Homework 05: Logistic Regression and Tuning

Due Friday, Feb 24

2023-02-13

library(tidyverse)
library(janitor)
library(tidymodels)

Instructions

For this homework, you should create a new folder in your homework directory. Call it HW5 or something similar that you can keep track of. Download the homework markdown template file Student_HW_template.Rmd from the course webpage, and put a copy in this folder. Rename it something like HW5_YourName.Rmd. This markdown document will be where you will answer each of the questions below.

The Assignment

We’re going to deal again with the titanic data from your in class activity.

titanic <- read_csv("titanic.csv") %>% 
  clean_names() %>%
  mutate(survived = as.factor(survived))

EDA

You did this already in your activity, but I’m leaving this section here because it’s an important step in the process: Always vizualize before modeling!

Modeling

  1. Perform a train/test split and create a cross-validation split. Build a recipe to preprocess this data to use in a logistic model and KNN model.

  2. Specify a Logistic Regression model for classification, using the glmnet engine. Set the penalty and mixture arguments to tune().

  3. Specify a KNN model for classification, using the kknn engine. Set the neighbors and dist_power arguments to tune().

  4. Create a workflow set containing your recipe(s) and two model specifications. You will need to look up in the TMWR book how to do that (Section 11.1, and Chapter 15 will be the most help).

Tuning

  1. Using the workflow_map function, run the tune_grid function on your workflow set and choose the best parameters for each model.

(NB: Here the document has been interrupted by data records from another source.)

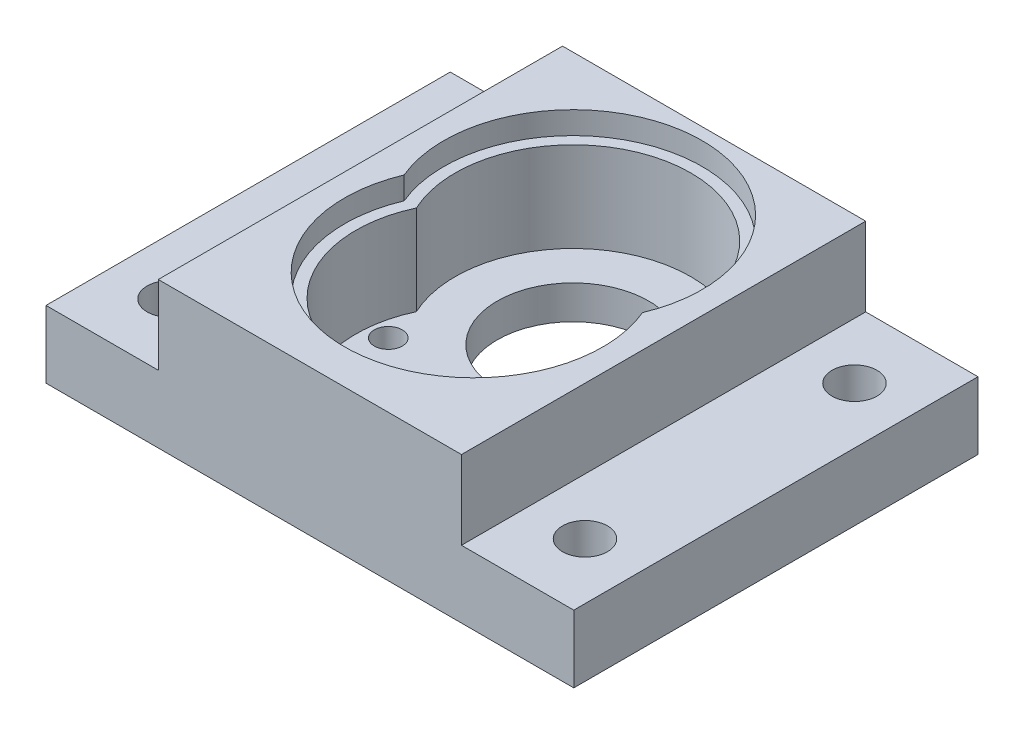
from build123d import *

# Parameters (mm, degrees)
SKETCH_1_W          = 27
SKETCH_1_H          = 36
SKETCH_1_R          = 6.75
SKETCH_1_R_2        = 1.5
SKETCH_1_R_3        = 1.25
EXTRUDE_1_DEPTH     = 3
SKETCH_4_W          = 10
SKETCH_4_H          = 6
EXTRUDE_3_DEPTH     = 36
SKETCH_6_R          = 3
CUT_EXTRUDE_3_DEPTH = 1
EXTRUDE_4_OUTLINE_W = 27
EXTRUDE_4_OUTLINE_H = 36
EXTRUDE_4_DEPTH     = 10
CUT_EXTRUDE_START   = 10
CUT_EXTRUDE_5_DEPTH = 2
SKETCH_13_R         = 2
CUT_EXTRUDE_6_DEPTH = 10


# Read off the part's stored shape, not the designer's step: 凸台-拉伸4
with BuildPart() as part:
    # 草图1 → 凸台-拉伸1 (new body)
    with BuildSketch(Plane(origin=(0, 0, 0), x_dir=(1, 0, 0), z_dir=(0, 1, 0))):
        with Locations((0, 2.267700118)):
            Rectangle(SKETCH_1_W, SKETCH_1_H)
        with Locations(Location((0, 7.7, 0), (0, 0, 270))):
            Circle(SKETCH_1_R, mode=Mode.SUBTRACT)
        with Locations(Location((0, -4.3, 0), (0, 0, 270))):
            Circle(SKETCH_1_R_2, mode=Mode.SUBTRACT)
        with Locations(Location((-8.75, 0, 0), (0, 0, 90))):
            Circle(SKETCH_1_R_3, mode=Mode.SUBTRACT)
        with Locations(Location((-2.7, -10.732299882, 0), (0, 0, 90))):
            Circle(SKETCH_1_R_2, mode=Mode.SUBTRACT)
        with Locations(Location((8.75, 0, 0), (0, 0, 270))):
            Circle(SKETCH_1_R_3, mode=Mode.SUBTRACT)
        with Locations(Location((2.7, -10.732299882, 0), (0, 0, 270))):
            Circle(SKETCH_1_R_2, mode=Mode.SUBTRACT)
    extrude(amount=EXTRUDE_1_DEPTH)

    # 草图4 → 凸台-拉伸3 (add)
    with BuildSketch(Plane(origin=(0, 0, -20.267700118), x_dir=(-1, 0, 0), z_dir=(0, 0, -1))):
        with Locations((-18.5, 3)):
            Rectangle(SKETCH_4_W, SKETCH_4_H)
        with Locations((18.5, 3)):
            Rectangle(SKETCH_4_W, SKETCH_4_H)
    extrude(amount=-EXTRUDE_3_DEPTH)

    # 草图6 → 切除-拉伸3 (cut)
    with BuildSketch(Plane.XZ):
        with Locations(Location((-8.75, 0, 0), (0, 0, 270))):
            Circle(SKETCH_6_R)
        with Locations(Location((8.75, 0, 0), (0, 0, 270))):
            Circle(SKETCH_6_R)
    extrude(amount=-CUT_EXTRUDE_3_DEPTH, mode=Mode.SUBTRACT)

    # 凸台-拉伸4 outline → 凸台-拉伸4 (add)
    with BuildSketch(Plane(origin=(0, 3, 0), x_dir=(1, 0, 0), z_dir=(0, 1, 0))):
        with Locations((0, 2.267700118)):
            Rectangle(EXTRUDE_4_OUTLINE_W, EXTRUDE_4_OUTLINE_H)
        with BuildLine():
            ThreePointArc((-1.435964828, -11.539898225), (-3.106363606, -12.176207296), (-4.199704154, -10.762089989))
            ThreePointArc((-4.199704154, -10.762089989), (-9.817841219, -4.861453177), (-9.52470472, 3.280724041))
            ThreePointArc((-9.52470472, 3.280724041), (0, 18.2), (9.52470472, 3.280724041))
            ThreePointArc((9.52470472, 3.280724041), (9.817841219, -4.861453177), (4.199704154, -10.762089989))
            ThreePointArc((4.199704154, -10.762089989), (3.106363606, -12.176207296), (1.435964828, -11.539898225))
            ThreePointArc((1.435964828, -11.539898225), (0, -11.638551918), (-1.435964828, -11.539898225))
        make_face(mode=Mode.SUBTRACT)
    extrude(amount=EXTRUDE_4_DEPTH)

    # 草图9 → 切除-拉伸5 (cut)
    with BuildSketch(Plane(origin=(0, 3, 0), x_dir=(1, 0, 0), z_dir=(0, 1, 0)).offset(CUT_EXTRUDE_START)):
        with BuildLine():
            ThreePointArc((10.616967552, 3.280724041), (0, 19.2), (-10.616967552, 3.280724041))
            ThreePointArc((-10.616967552, 3.280724041), (0, -12.638551918), (10.616967552, 3.280724041))
        make_face()
    extrude(amount=-CUT_EXTRUDE_5_DEPTH, mode=Mode.SUBTRACT)

    # 草图13 → 切除-拉伸6 (cut)
    with BuildSketch(Plane(origin=(0, 6, 0), x_dir=(1, 0, 0), z_dir=(0, 1, 0))):
        with Locations(Location((-18.5, 14.267700118, 0), (0, 0, 180))):
            Circle(SKETCH_13_R)
        with Locations(Location((-18.5, -9.732299882, 0), (0, 0, 180))):
            Circle(SKETCH_13_R)
        with Locations(Location((18.5, -9.732299882, 0), (0, 0, 90))):
            Circle(SKETCH_13_R)
        with Locations(Location((18.5, 14.267700118, 0), (0, 0, 90))):
            Circle(SKETCH_13_R)
    extrude(amount=-CUT_EXTRUDE_6_DEPTH, mode=Mode.SUBTRACT)


solid = part.part

  2. Use collect_metrics to look at the accuracy estimates for each model. Which family of model (KNN or LogReg) is performing better, if either?

  3. Finalize your model by choosing the best performing one. Fit the model to the training set and report your test set accuracy.

Submitting HW

When you’ve successfully answered all the questions, knit your document to a PDF file. Look through it to make sure everything worked the way you expect it to. You will submit both your .Rmd and .pdf files to Schoology.